Gwendolyn Timberlake, a St. Paul dentist, has been a focus of complaints and disciplinary action by the Minnesota Board of Dentistry since 2000. But until Timberlake became delinquent on her taxes, the state let her keep practicing dentistry.

The Board of Dentistry licenses dental professionals and enforces state laws and regulations governing dental care. When dentists get in trouble, the board metes out punishment in conjunction with the state attorney general.

Since 2000, Timberlake has repeatedly found herself before the board to answer for deficiencies in infection control, recordkeeping, unprofessional conduct and other problems.

In 2004, the board put conditions on Timberlake's license based on "substandard periodontal care, substandard prosthodontic care, unprofessional conduct [prosthodontic work that was billed for but not completed], as well as continuing concerns" about recordkeeping and infection control, according to Marshall Shragg, executive director of the Board of Dentistry.

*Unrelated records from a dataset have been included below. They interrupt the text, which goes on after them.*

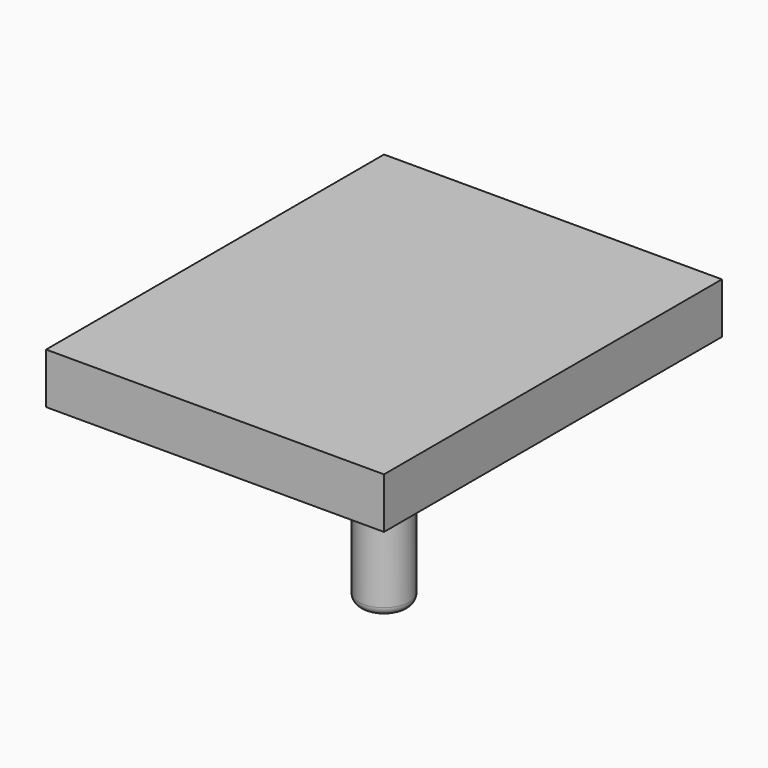
from build123d import *

# Parameters (mm, degrees)
F1_W     = 20
F1_H     = 25
F2_DEPTH = 3
F3_R     = 1.5
F4_DEPTH = 12
F0_R     = 0.5


with BuildPart() as f2:
    # F1 (on Top) → F2 (new body)
    with BuildSketch(Plane.XY):
        Rectangle(F1_W, F1_H)
    extrude(amount=F2_DEPTH)

    # F3 (on face) → F4 (join)
    with BuildSketch(Plane(origin=(0, 0, 0), x_dir=(1, 0, 0), z_dir=(0, 0, -1))):
        Circle(F3_R)
    extrude(amount=F4_DEPTH)

    # F0
    f0_edges = [f2.edges().sort_by_distance(p)[0] for p in [
        (-1.5, 0, -12),
    ]]
    fillet(f0_edges, radius=F0_R)


solid = f2.part
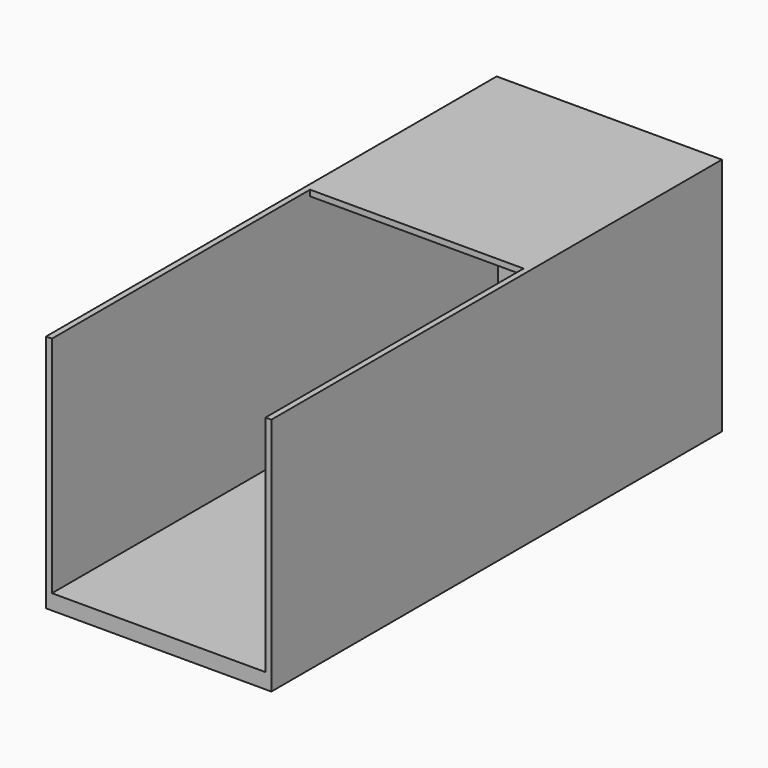
from build123d import *

# Parameters (mm, degrees)
F0_W     = 2438.4
F0_H     = 2590.8
F1_DEPTH = 6096
F2_W     = 2311.4
F2_H     = 2425.7
F3_DEPTH = 6032.5
F4_W     = 2311.4
F4_H     = 63.5
F5_DEPTH = 2540


# Not quite as in the source:
# - a feature names something its author has since deleted; it is built from what else it names


with BuildPart() as f1:
    # F0 (on Front) → F1 (new body)
    with BuildSketch(Plane.XZ):
        with Locations((1219.2, 1295.4)):
            Rectangle(F0_W, F0_H)
    extrude(amount=F1_DEPTH)

    # F2 (on face) → F3 (cut)
    with BuildSketch(Plane.XZ.offset(6096)):
        with Locations((1219.2, 1377.95)):
            Rectangle(F2_W, F2_H)
    extrude(amount=-F3_DEPTH, mode=Mode.SUBTRACT)

    # F4 (on face) → F5 (join)
    with BuildSketch(Plane.XZ.offset(63.5)):
        with Locations((1219.2, 2559.05)):
            Rectangle(F4_W, F4_H)
    extrude(amount=F5_DEPTH)


solid = f1.part

More conditions were placed on Timberlake's license last year, but in April the board found she wasn't following the proper procedures to keep her instruments sterile, her patient records and X-rays were inadequate, and she still wasn't keeping up with the proper course work.

In May, the board imposed more restrictions that allowed Timberlake to keep seeing patients only if she gave up her practice and worked under the "indirect supervision" of another board-approved dentist.

But then the Minnesota Department of Revenue alerted the Board of Dentistry that Timberlake had a tax liability. Under Minnesota law, the Board of Dentistry was required to suspend Timberlake's license and did so late last month.

Reached at her Selby Avenue practice Friday, Timberlake said she didn't want to talk about her situation.

Said Shragg: "The board's enforcement philosophy typically favors remediation over discipline, or being punitive. In this case, this is a person who was given many, many chances to remediate and demonstrate her competence."